In the entries below, find the line with "-1) x (-1, 0, 0)" and the line with "line L28 (29, -37)". Return those two lines and all lines between them, exactly.

Extracted data Block Start

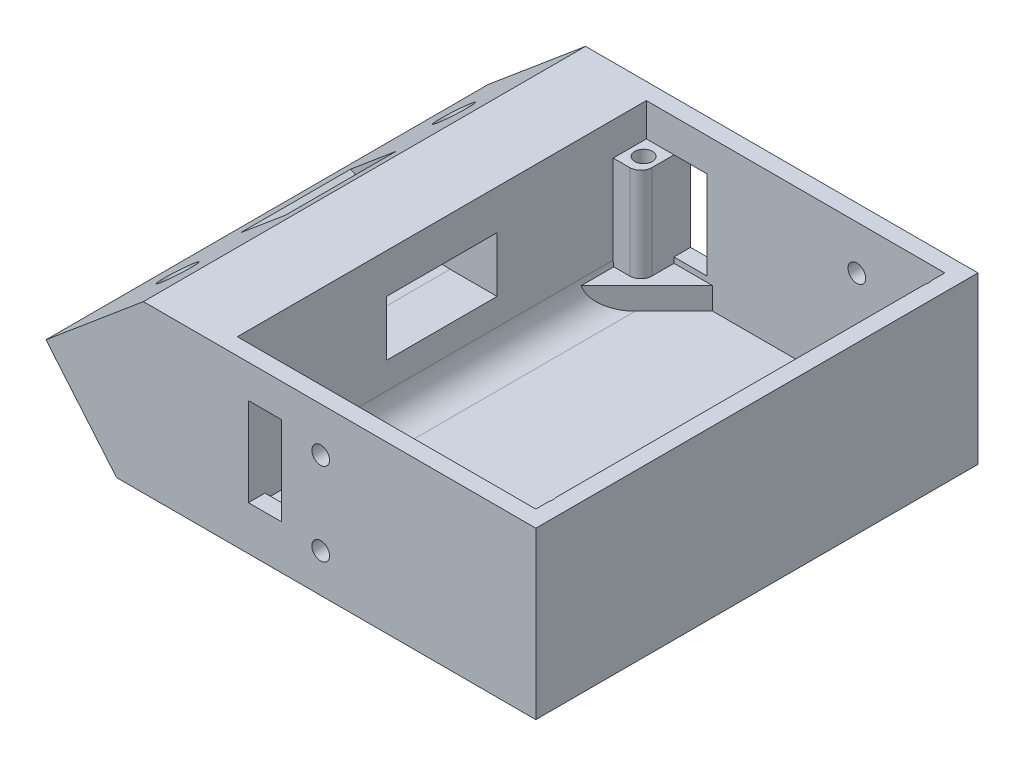
SolidWorks part; units mm, degrees
ref_plane "Спереди" through (0, 0, 0) normal (0, 0, 1) x (1, 0, 0)
ref_plane "Сверху" through (0, 0, 0) normal (0, 1, 0) x (1, 0, 0)
ref_plane "Справа" through (0, 0, 0) normal (1, 0, 0) x (0, 0, -1)
sketch "Sketch1" plane through (0, 0, 0) normal (0, 1, 0) x (1, 0, 0)
  line L1 (30.5, -40) -> (-30.5, -40)
  line L2 (30.5, -40) -> (30.5, 40)
  line L3 (30.5, 40) -> (-30.5, 40)
  line L4 (-30.5, -40) -> (-30.5, 40)
  line L5 (30.5, -40) -> (-30.5, 40) construction
  line L6 (30.5, 40) -> (-30.5, -40) construction
  point P0 (0, 0)
  dimension "D1" = 80
  dimension "D2" = 61
extrude "Boss-Extrude1" add sketch "Sketch1" along normal blind 30
sketch "Sketch2" plane through (0, 30, 0) normal (0, 1, 0) x (1, 0, 0)
  line L0 (30.5, 40) -> (-30.5, 40) construction
  line L1 (-26.5, -37) -> (27.5, -37)
  line L2 (-26.5, -37) -> (-26.5, 37)
  line L3 (-26.5, 37) -> (27.5, 37)
  line L4 (27.5, -37) -> (27.5, 37)
  line L5 (-30.5, -40) -> (30.5, -40) construction
  line L6 (-30.5, 40) -> (-30.5, -40) construction
  line L7 (30.5, -40) -> (30.5, 40) construction
  point P0 (0, 0)
  dimension "D1" = 3
  dimension "D2" = 3
  dimension "D3" = 3
  dimension "D4" = 4
extrude "Cut-Extrude1" cut sketch "Sketch2" against normal blind 27
sketch "Sketch11" plane through (0, 0, 40) normal (0, 0, 1) x (1, 0, 0)
  line L0 (-30.5, 30) -> (-40.5, 30)
  line L1 (-30.5, 0) -> (-58.119, 0)
  line L2 (-30.5, 0) -> (-30.5, 30)
  line L3 (-58.119, 0) -> (-58.119, 15.2159)
  line L4 (-40.5, 30) -> (-58.119, 15.2159)
  line L5 (-40.5, 30) -> (-40.5, 0) construction
  dimension "D1" = 23
  dimension "D2" = 50
  dimension "D3" = 10
extrude "Boss-Extrude3" add sketch "Sketch11" against normal up to surface (80 mm away) up to face at (0, 15, -40)
sketch "Sketch7" plane through (0, 3, 0) normal (0, 1, 0) x (1, 0, 0)
  line L0 (27.5, -25) -> (15.5, -37)
  line L1 (27.5, -37) -> (27.5, 37) construction
  line L2 (-26.5, -37) -> (27.5, -37) construction
  line L3 (15.5, -37) -> (27.5, -37)
  line L4 (27.5, -37) -> (27.5, -25)
  line L5 (27.5, 25) -> (15.5, 37)
  line L6 (27.5, 37) -> (-26.5, 37) construction
  line L7 (15.5, 37) -> (27.5, 37)
  line L8 (27.5, 37) -> (27.5, 25)
  line L9 (-26.5, 25) -> (-14.5, 37)
  line L10 (-26.5, 37) -> (-26.5, -37) construction
  line L11 (-14.5, 37) -> (-26.5, 37)
  line L12 (-26.5, 37) -> (-26.5, 25)
  line L13 (-14.5, -37) -> (-26.5, -25)
  line L14 (-26.5, 37) -> (-26.5, -37) construction
  line L15 (-26.5, -25) -> (-26.5, -37)
  line L16 (-26.5, -37) -> (-14.5, -37)
  dimension "D1" = 12
extrude "Boss-Extrude2" add sketch "Sketch7" along normal blind 4
sketch "Sketch5" plane through (0, 0, 0) normal (0, -1, 0) x (1, 0, 0)
  line L0 (1, -40) -> (1, 40) construction
  line L1 (30.5, -40) -> (-58.119, -40) construction
  line L2 (-58.119, 40) -> (30.5, 40) construction
  line L4 (26, 34) -> (-24, 34) construction
  line L5 (26, 34) -> (26, -34) construction
  line L6 (26, -34) -> (-24, -34) construction
  line L7 (-24, 34) -> (-24, -34) construction
  line L8 (26, 34) -> (-24, -34) construction
  line L9 (26, -34) -> (-24, 34) construction
  circle A0 centre (-24, -34) radius 1.6
  circle A1 centre (-24, 34) radius 1.6
  circle A2 centre (26, 34) radius 1.6
  circle A3 centre (26, -34) radius 1.6
  point P6 (1, 0)
  dimension "D4" = 3.2
  dimension "D1" = 68
  dimension "D2" = 50
  dimension "D3" = 1
extrude "Cut-Extrude3" cut sketch "Sketch5" against normal through all
sketch "Sketch8" plane through (0, 0, 0) normal (0, -1, 0) x (1, 0, 0)
  line L0 (30.5, -40) -> (-58.119, -40) construction
  line L1 (-25.625, 36.8146) -> (-27.25, 34)
  line L2 (-27.25, 34) -> (-25.625, 31.1854)
  line L3 (-25.625, 31.1854) -> (-22.375, 31.1854)
  line L4 (-22.375, 31.1854) -> (-20.75, 34)
  line L5 (-20.75, 34) -> (-22.375, 36.8146)
  line L6 (-22.375, 36.8146) -> (-25.625, 36.8146)
  line L7 (24.375, 36.8146) -> (22.75, 34)
  line L8 (22.75, 34) -> (24.375, 31.1854)
  line L9 (24.375, 31.1854) -> (27.625, 31.1854)
  line L10 (27.625, 31.1854) -> (29.25, 34)
  line L11 (29.25, 34) -> (27.625, 36.8146)
  line L12 (27.625, 36.8146) -> (24.375, 36.8146)
  line L13 (-25.625, -31.1854) -> (-27.25, -34)
  line L14 (-27.25, -34) -> (-25.625, -36.8146)
  line L15 (-25.625, -36.8146) -> (-22.375, -36.8146)
  line L16 (-22.375, -36.8146) -> (-20.75, -34)
  line L17 (-20.75, -34) -> (-22.375, -31.1854)
  line L18 (-22.375, -31.1854) -> (-25.625, -31.1854)
  line L19 (24.375, -31.1854) -> (22.75, -34)
  line L20 (22.75, -34) -> (24.375, -36.8146)
  line L21 (24.375, -36.8146) -> (27.625, -36.8146)
  line L22 (27.625, -36.8146) -> (29.25, -34)
  line L23 (29.25, -34) -> (27.625, -31.1854)
  line L24 (27.625, -31.1854) -> (24.375, -31.1854)
  circle A0 centre (-24, 34) radius 3.25 construction
  circle A1 centre (26, 34) radius 3.25 construction
  circle A2 centre (-24, -34) radius 3.25 construction
  circle A3 centre (26, -34) radius 3.25 construction
  dimension "D1" = 6.5
extrude "Cut-Extrude4" cut sketch "Sketch8" against normal blind 3
sketch "Sketch12" plane through (0, 0, 40) normal (0, 0, 1) x (1, 0, 0)
  line L0 (-58.119, 15.2159) -> (-45.3514, 0)
  line L1 (-58.119, 0) -> (30.5, 0) construction
  line L2 (-45.3514, 0) -> (-58.119, 0)
  line L3 (-58.119, 0) -> (-58.119, 15.2159)
  line L4 (-40.5, 30) -> (-58.119, 15.2159) construction
extrude "Cut-Extrude6" cut sketch "Sketch12" against normal through all
sketch "Sketch16" plane through (-31.5057, 37.5471, 0) normal (-0.6428, 0.766, 0) x (0.766, 0.6428, 0)
  line L0 (-23.2412, 40) -> (-23.2412, -40) construction
  line L1 (-34.7412, 40) -> (-11.7412, 40) construction
  line L2 (-11.7412, -40) -> (-34.7412, -40) construction
  circle A0 centre (-23.2412, 25) radius 3.1
  circle A1 centre (-23.2412, -25) radius 3.1
  point P10 (-23.2412, 0)
  dimension "D1" = 6.2
  dimension "D2" = 50
  dimension "D3" = 25
extrude "Cut-Extrude8" cut sketch "Sketch16" against normal through all
fillet "Fillet1" radius 5 1 edges at (-26.5, 3, 0)
sketch "Sketch17" plane through (-31.5057, 37.5471, 0) normal (-0.6428, 0.766, 0) x (0.766, 0.6428, 0)
  circle A0 centre (-23.2412, -25) radius 6.5
  circle A1 centre (-23.2412, 25) radius 6.5
  dimension "D2" = 13
extrude "Cut-Extrude9" cut sketch "Sketch17" against normal blind 10 from offset 25 offset against normal yes
sketch "Sketch18" plane through (0, 0, 40) normal (0, 0, 1) x (1, 0, 0)
  line L0 (-44.8128, 26.3811) -> (-37.8032, 22.8149)
  line L2 (-40.5, 30) -> (-58.119, 15.2159) construction
  line L3 (-37.8032, 22.8149) -> (-23.8032, 22.8149)
  line L4 (-23.8032, 22.8149) -> (-23.8032, 12.8149)
  line L5 (-23.8032, 12.8149) -> (-39.8032, 12.8149)
  line L6 (-39.8032, 12.8149) -> (-52.9869, 19.5222)
  line L7 (-52.9869, 19.5222) -> (-44.8128, 26.3811)
  dimension "D1" = 10
  dimension "D2" = 14
  dimension "D3" = 16
extrude "Cut-Extrude10" cut sketch "Sketch18" against normal blind 20 from offset 30 offset against normal yes
fillet "Fillet2" radius 20 2 edges at (-39.8032, 12.8149, 0) (-37.8032, 22.8149, 0)
sketch "Sketch19" plane through (0, 0, 40) normal (0, 0, 1) x (1, 0, 0)
  line L0 (-45.3514, 0) -> (-8.4162, 0) construction
  line L1 (-45.3514, 0) -> (30.5, 0) construction
  line L2 (-8.4162, -0.4537) -> (-8.4162, 30) construction
  line L3 (-40.5, 30) -> (30.5, 30) construction
  circle A0 centre (-8.4162, 22) radius 1.6
  circle A1 centre (-8.4162, 7) radius 1.6
  dimension "D2" = 3.2
  dimension "D3" = 15
  dimension "D1" = 36.9352
  dimension "D4" = 8
extrude "Cut-Extrude11" cut sketch "Sketch19" against normal up to next
sketch "Sketch20" plane through (0, 0, 37) normal (0, 0, -1) x (-1, 0, 0)
  line L0 (21.5, 8) -> (21.5, 24)
  line L2 (21.5, 24) -> (15.5, 24)
  line L3 (15.5, 24) -> (15.5, 8)
  line L4 (15.5, 8) -> (21.5, 8)
  line L5 (40.5, 30) -> (-30.5, 30) construction
  line L6 (26.5, 8) -> (26.5, 30) construction
  line L7 (26.5, 8) -> (-6.3924, 8) construction
  dimension "D1" = 6
  dimension "D2" = 6
  dimension "D3" = 5
extrude "Cut-Extrude12" cut sketch "Sketch20" along normal through all both and the other way through all
sketch "Sketch21" plane through (0, 7, 0) normal (0, 1, 0) x (1, 0, 0)
  line L0 (-26.5, -37) -> (-26.5, 37) construction
  line L1 (-21.5, -31) -> (-26.5, -31)
  line L2 (-21.5, -31) -> (-21.5, -37)
  line L3 (-21.5, -37) -> (-26.5, -37)
  line L4 (-26.5, -31) -> (-26.5, -37)
  line L5 (-21.5, -31) -> (-26.5, -37) construction
  line L6 (-21.5, -37) -> (-26.5, -31) construction
  line L7 (-26.399, -37) -> (-14.5, -37) construction
  line L8 (-14.5, 37) -> (-26.399, 37) construction
  line L9 (-26.5, 31) -> (-21.5, 31)
  line L10 (-26.5, 31) -> (-26.5, 37)
  line L11 (-26.5, 37) -> (-21.5, 37)
  line L12 (-21.5, 31) -> (-21.5, 37)
  line L13 (-26.5, 31) -> (-21.5, 37) construction
  line L14 (-26.5, 37) -> (-21.5, 31) construction
  line L15 (27.5, 37) -> (15.5, 37) construction
  line L16 (29, 31) -> (23, 31)
  line L17 (29, 31) -> (29, 37)
  line L18 (29, 37) -> (23, 37)
  line L19 (23, 31) -> (23, 37)
  line L20 (29, 31) -> (23, 37) construction
  line L21 (29, 37) -> (23, 31) construction
  line L22 (15.5, -37) -> (27.5, -37) construction
  line L23 (29, -31) -> (23, -31)
  line L24 (29, -31) -> (29, -37)
  line L25 (29, -37) -> (23, -37)
  line L26 (23, -31) -> (23, -37)
  line L27 (29, -31) -> (23, -37) construction
  line L28 (29, -37) -> (23, -31) construction
  circle A0 centre (-24, -34) radius 1.6
  circle A1 centre (-24, -34) radius 1.6 construction
  circle A2 centre (-24, 34) radius 1.6
  circle A3 centre (-24, 34) radius 1.6 construction
  circle A4 centre (26, 34) radius 1.6
  arc A5 (27.5, 34.5568) -> (27.5, 33.4432) centre (26, 34) ccw construction
  circle A6 centre (26, -34) radius 1.6
  arc A7 (27.5, -33.4432) -> (27.5, -34.5568) centre (26, -34) ccw construction
  point P0 (-24, -34)
  point P14 (-24, 34)
  point P26 (26, 34)
  point P39 (26, -34)
  dimension "D1" = 6
extrude "Boss-Extrude4" add sketch "Sketch21" along normal up to surface (17 mm away) up to face at (-18.5, 24, 38.5)
fillet "Fillet4" radius 2 4 edges at (23, 15.5, -31) (23, 15.5, 31) (-21.5, 15.5, 31) (-21.5, 15.5, -31)
sketch "Sketch22" plane through (0, 0, 40) normal (0, 0, 1) x (1, 0, 0)
  line L0 (-8.4162, 22) -> (11.5838, 22) construction
  line L1 (-8.4162, 7) -> (11.5838, 7) construction
  line L2 (11.5838, 7) -> (11.5838, 22) construction
  circle A0 centre (11.5838, 22) radius 1.6
  circle A1 centre (11.5838, 7) radius 1.6
  circle A2 centre (-8.4162, 22) radius 1.6 construction
  dimension "D1" = 20
extrude "Cut-Extrude13" cut sketch "Sketch22" against normal through all from surface at -77 starting at face at (-3.0333, 15.3333, -37)

Extracted data Block End

### [Response area]
sketch "Sketch20" plane through (0, 0, 37) normal (0, 0, -1) x (-1, 0, 0)
  line L0 (21.5, 8) -> (21.5, 24)
  line L2 (21.5, 24) -> (15.5, 24)
  line L3 (15.5, 24) -> (15.5, 8)
  line L4 (15.5, 8) -> (21.5, 8)
  line L5 (40.5, 30) -> (-30.5, 30) construction
  line L6 (26.5, 8) -> (26.5, 30) construction
  line L7 (26.5, 8) -> (-6.3924, 8) construction
  dimension "D1" = 6
  dimension "D2" = 6
  dimension "D3" = 5
extrude "Cut-Extrude12" cut sketch "Sketch20" along normal through all both and the other way through all
sketch "Sketch21" plane through (0, 7, 0) normal (0, 1, 0) x (1, 0, 0)
  line L0 (-26.5, -37) -> (-26.5, 37) construction
  line L1 (-21.5, -31) -> (-26.5, -31)
  line L2 (-21.5, -31) -> (-21.5, -37)
  line L3 (-21.5, -37) -> (-26.5, -37)
  line L4 (-26.5, -31) -> (-26.5, -37)
  line L5 (-21.5, -31) -> (-26.5, -37) construction
  line L6 (-21.5, -37) -> (-26.5, -31) construction
  line L7 (-26.399, -37) -> (-14.5, -37) construction
  line L8 (-14.5, 37) -> (-26.399, 37) construction
  line L9 (-26.5, 31) -> (-21.5, 31)
  line L10 (-26.5, 31) -> (-26.5, 37)
  line L11 (-26.5, 37) -> (-21.5, 37)
  line L12 (-21.5, 31) -> (-21.5, 37)
  line L13 (-26.5, 31) -> (-21.5, 37) construction
  line L14 (-26.5, 37) -> (-21.5, 31) construction
  line L15 (27.5, 37) -> (15.5, 37) construction
  line L16 (29, 31) -> (23, 31)
  line L17 (29, 31) -> (29, 37)
  line L18 (29, 37) -> (23, 37)
  line L19 (23, 31) -> (23, 37)
  line L20 (29, 31) -> (23, 37) construction
  line L21 (29, 37) -> (23, 31) construction
  line L22 (15.5, -37) -> (27.5, -37) construction
  line L23 (29, -31) -> (23, -31)
  line L24 (29, -31) -> (29, -37)
  line L25 (29, -37) -> (23, -37)
  line L26 (23, -31) -> (23, -37)
  line L27 (29, -31) -> (23, -37) construction
  line L28 (29, -37) -> (23, -31) construction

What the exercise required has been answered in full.